- **Activity**: Below are several records. Retype exactly those lines running from the one with "#6=PRODUCT_DEFINITION_FORMATION('','',#4);" through the one with "#15=CARTESIAN_POINT('',(0.,0.,0.));", end lines included, and no others.

=== Begin Enclosure ===

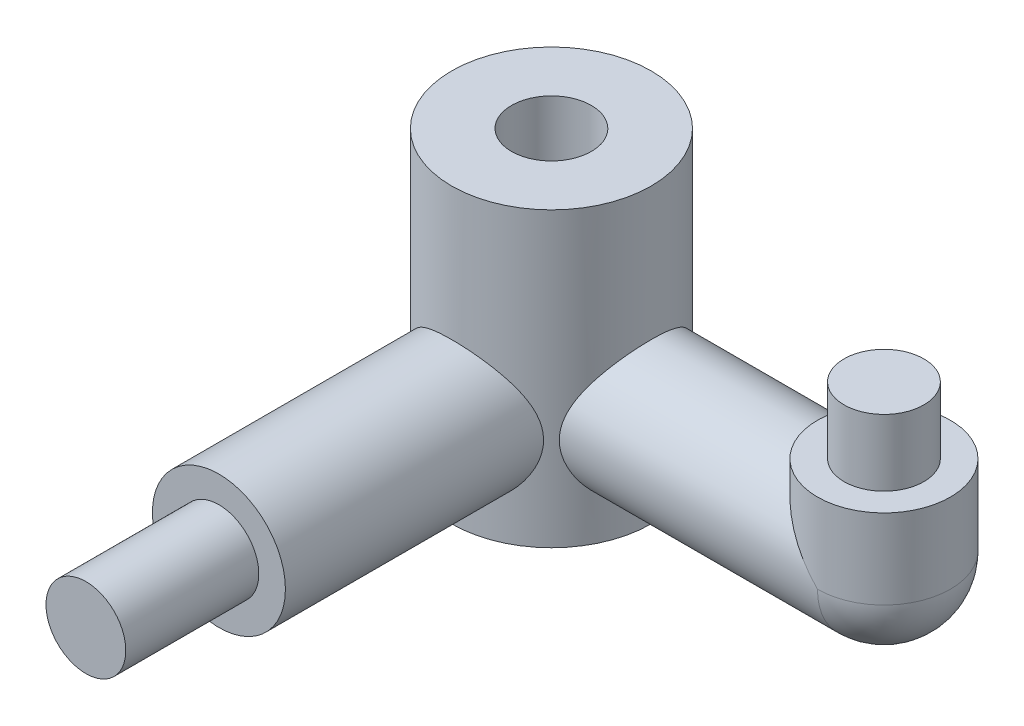
ISO-10303-21;
HEADER;
FILE_DESCRIPTION(('STEP AP214'),'2;1');
FILE_NAME('part.step','',(''),(''),'','','');
FILE_SCHEMA(('AUTOMOTIVE_DESIGN { 1 0 10303 214 1 1 1 1 }'));
ENDSEC;
DATA;
#1=APPLICATION_CONTEXT('core data for automotive mechanical design processes');
#2=APPLICATION_PROTOCOL_DEFINITION('international standard','automotive_design',2000,#1);
#3=PRODUCT_CONTEXT('',#1,'mechanical');
#4=PRODUCT('Part','Part','',(#3));
#5=PRODUCT_RELATED_PRODUCT_CATEGORY('part','',(#4));
#6=PRODUCT_DEFINITION_FORMATION('','',#4);
#7=PRODUCT_DEFINITION_CONTEXT('part definition',#1,'design');
#8=PRODUCT_DEFINITION('design','',#6,#7);
#9=PRODUCT_DEFINITION_SHAPE('','',#8);
#10=(LENGTH_UNIT() NAMED_UNIT(*) SI_UNIT(.MILLI.,.METRE.));
#11=(NAMED_UNIT(*) PLANE_ANGLE_UNIT() SI_UNIT($,.RADIAN.));
#12=(NAMED_UNIT(*) SI_UNIT($,.STERADIAN.) SOLID_ANGLE_UNIT());
#13=UNCERTAINTY_MEASURE_WITH_UNIT(LENGTH_MEASURE(1.E-05),#10,'distance_accuracy_value','');
#14=(GEOMETRIC_REPRESENTATION_CONTEXT(3) GLOBAL_UNCERTAINTY_ASSIGNED_CONTEXT((#13)) GLOBAL_UNIT_ASSIGNED_CONTEXT((#10,
#11,#12)) REPRESENTATION_CONTEXT('',''));
#15=CARTESIAN_POINT('',(0.,0.,0.));
#16=DIRECTION('',(0.,0.,1.));
#17=DIRECTION('',(1.,0.,0.));
#18=AXIS2_PLACEMENT_3D('',#15,#16,#17);
#19=CARTESIAN_POINT('',(12.5,0.,12.5));
#20=DIRECTION('',(-1.,0.,0.));
#21=DIRECTION('',(0.,0.,1.));
#22=AXIS2_PLACEMENT_3D('',#19,#20,#21);
#23=CYLINDRICAL_SURFACE('',#22,2.5);
#24=CARTESIAN_POINT('',(2.79508497187474,0.,15.));
#25=CARTESIAN_POINT('',(2.7950969200882,-0.12203539199451,14.9999931665049));
#26=CARTESIAN_POINT('',(2.80322589537915,-0.24411345591108,14.9909873720809));
#27=CARTESIAN_POINT('',(2.83414964897101,-0.483899875763707,14.955728388248));
#28=CARTESIAN_POINT('',(2.85697073274532,-0.601599992584145,14.9294442610795));
#29=CARTESIAN_POINT('',(2.91320734997137,-0.828419353679954,14.8616981434561));
#30=CARTESIAN_POINT('',(2.94651962336046,-0.937609811735505,14.8203835012304));
#31=CARTESIAN_POINT('',(3.0198010825739,-1.14733209958024,14.724175578965));
#32=CARTESIAN_POINT('',(3.0597716503108,-1.24786212533312,14.6692794789772));
#33=CARTESIAN_POINT('',(3.14932634695722,-1.45455943250844,14.5375280809408));
#34=CARTESIAN_POINT('',(3.19943844305199,-1.55916844040906,14.4585847632594));
#35=CARTESIAN_POINT('',(3.2993085952709,-1.75500009028197,14.2852484340018));
#36=CARTESIAN_POINT('',(3.34906625705619,-1.84620953563161,14.1908403828438));
#37=CARTESIAN_POINT('',(3.45111772386694,-2.02581872622303,13.9726609758867));
#38=CARTESIAN_POINT('',(3.50273966991301,-2.11190952263638,13.8466179955418));
#39=CARTESIAN_POINT('',(3.57157394366626,-2.22361921364336,13.6451778891779));
#40=CARTESIAN_POINT('',(3.59309008860164,-2.25795804914699,13.5759488861675));
#41=CARTESIAN_POINT('',(3.63262620854537,-2.32035779836937,13.4337834389538));
#42=CARTESIAN_POINT('',(3.65064878638783,-2.34842338828881,13.3608498063616));
#43=CARTESIAN_POINT('',(3.68081703547434,-2.39503483454956,13.2201878747443));
#44=CARTESIAN_POINT('',(3.69339418705367,-2.41429369051328,13.1527874998823));
#45=CARTESIAN_POINT('',(3.71495996037348,-2.44715785950365,13.0160960830364));
#46=CARTESIAN_POINT('',(3.72395078649705,-2.46076664563237,12.9468062305173));
#47=CARTESIAN_POINT('',(3.73807307002728,-2.4820867837772,12.806984183954));
#48=CARTESIAN_POINT('',(3.74320751443813,-2.48980270026053,12.7364529948307));
#49=CARTESIAN_POINT('',(3.74947194842874,-2.49920978058342,12.5948391173021));
#50=CARTESIAN_POINT('',(3.75060250301864,-2.50090179448804,12.5237565081294));
#51=CARTESIAN_POINT('',(3.7481766183866,-2.497268187649,12.3324035470292));
#52=CARTESIAN_POINT('',(3.74082418442918,-2.48625933203371,12.2122226086997));
#53=CARTESIAN_POINT('',(3.71510641212365,-2.44739053993887,11.9759283004935));
#54=CARTESIAN_POINT('',(3.69674027061221,-2.41952937452061,11.8598152279153));
#55=CARTESIAN_POINT('',(3.65065004645573,-2.34850423370375,11.63490881572));
#56=CARTESIAN_POINT('',(3.62296317883832,-2.30540108128751,11.5260883986619));
#57=CARTESIAN_POINT('',(3.56026410195281,-2.20555825858029,11.3172368829071));
#58=CARTESIAN_POINT('',(3.52525055567676,-2.14881609909554,11.2172073931589));
#59=CARTESIAN_POINT('',(3.44522563575143,-2.01502647807678,11.0146451731761));
#60=CARTESIAN_POINT('',(3.39950508433781,-1.9362905688413,10.9135107937325));
#61=CARTESIAN_POINT('',(3.30500754843975,-1.76512667765928,10.7250147610667));
#62=CARTESIAN_POINT('',(3.25622591750128,-1.67267757529536,10.6376747895437));
#63=CARTESIAN_POINT('',(3.15187555335589,-1.46004597832327,10.4653471063237));
#64=CARTESIAN_POINT('',(3.09642899787461,-1.33778614799763,10.3828300986032));
#65=CARTESIAN_POINT('',(2.99344513762195,-1.07811270332939,10.2395640505202));
#66=CARTESIAN_POINT('',(2.9458946446941,-0.940725007515723,10.1787785139508));
#67=CARTESIAN_POINT('',(2.87828587847298,-0.694101172027533,10.0958409449494));
#68=CARTESIAN_POINT('',(2.85425455711664,-0.588008287325482,10.0676151037051));
#69=CARTESIAN_POINT('',(2.81761299747417,-0.371200637832196,10.0252555547016));
#70=CARTESIAN_POINT('',(2.80498295983327,-0.260494236067081,10.0110974127934));
#71=CARTESIAN_POINT('',(2.79309446228807,-0.0369462669151342,9.99775749829134));
#72=CARTESIAN_POINT('',(2.79389417321902,0.07590247317829,9.99864087814375));
#73=CARTESIAN_POINT('',(2.80887350472385,0.299604792415647,10.0154796284879));
#74=CARTESIAN_POINT('',(2.82306397100443,0.410456680054604,10.0314472162926));
#75=CARTESIAN_POINT('',(2.86159971838753,0.621736772028094,10.0762523602389));
#76=CARTESIAN_POINT('',(2.8854148370185,0.722409636552731,10.1044228186196));
#77=CARTESIAN_POINT('',(2.94037448030346,0.917657795357689,10.1722119798831));
#78=CARTESIAN_POINT('',(2.97152146578388,1.01223102878522,10.2118345275002));
#79=CARTESIAN_POINT('',(3.04514354542651,1.21275250469898,10.3104581674188));
#80=CARTESIAN_POINT('',(3.08863851805688,1.31719601439857,10.3717496397485));
#81=CARTESIAN_POINT('',(3.17828143495483,1.51552100330145,10.5080908562554));
#82=CARTESIAN_POINT('',(3.22443256180687,1.60938939593678,10.583157351459));
#83=CARTESIAN_POINT('',(3.32594597905818,1.8049529343238,10.7640417785862));
#84=CARTESIAN_POINT('',(3.38111815174429,1.90387856030757,10.8729951685702));
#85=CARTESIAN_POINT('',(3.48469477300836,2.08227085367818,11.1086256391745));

=== End Enclosure ===

- **Answer for the task**:
#6=PRODUCT_DEFINITION_FORMATION('','',#4);
#7=PRODUCT_DEFINITION_CONTEXT('part definition',#1,'design');
#8=PRODUCT_DEFINITION('design','',#6,#7);
#9=PRODUCT_DEFINITION_SHAPE('','',#8);
#10=(LENGTH_UNIT() NAMED_UNIT(*) SI_UNIT(.MILLI.,.METRE.));
#11=(NAMED_UNIT(*) PLANE_ANGLE_UNIT() SI_UNIT($,.RADIAN.));
#12=(NAMED_UNIT(*) SI_UNIT($,.STERADIAN.) SOLID_ANGLE_UNIT());
#13=UNCERTAINTY_MEASURE_WITH_UNIT(LENGTH_MEASURE(1.E-05),#10,'distance_accuracy_value','');
#14=(GEOMETRIC_REPRESENTATION_CONTEXT(3) GLOBAL_UNCERTAINTY_ASSIGNED_CONTEXT((#13)) GLOBAL_UNIT_ASSIGNED_CONTEXT((#10,
#11,#12)) REPRESENTATION_CONTEXT('',''));
#15=CARTESIAN_POINT('',(0.,0.,0.));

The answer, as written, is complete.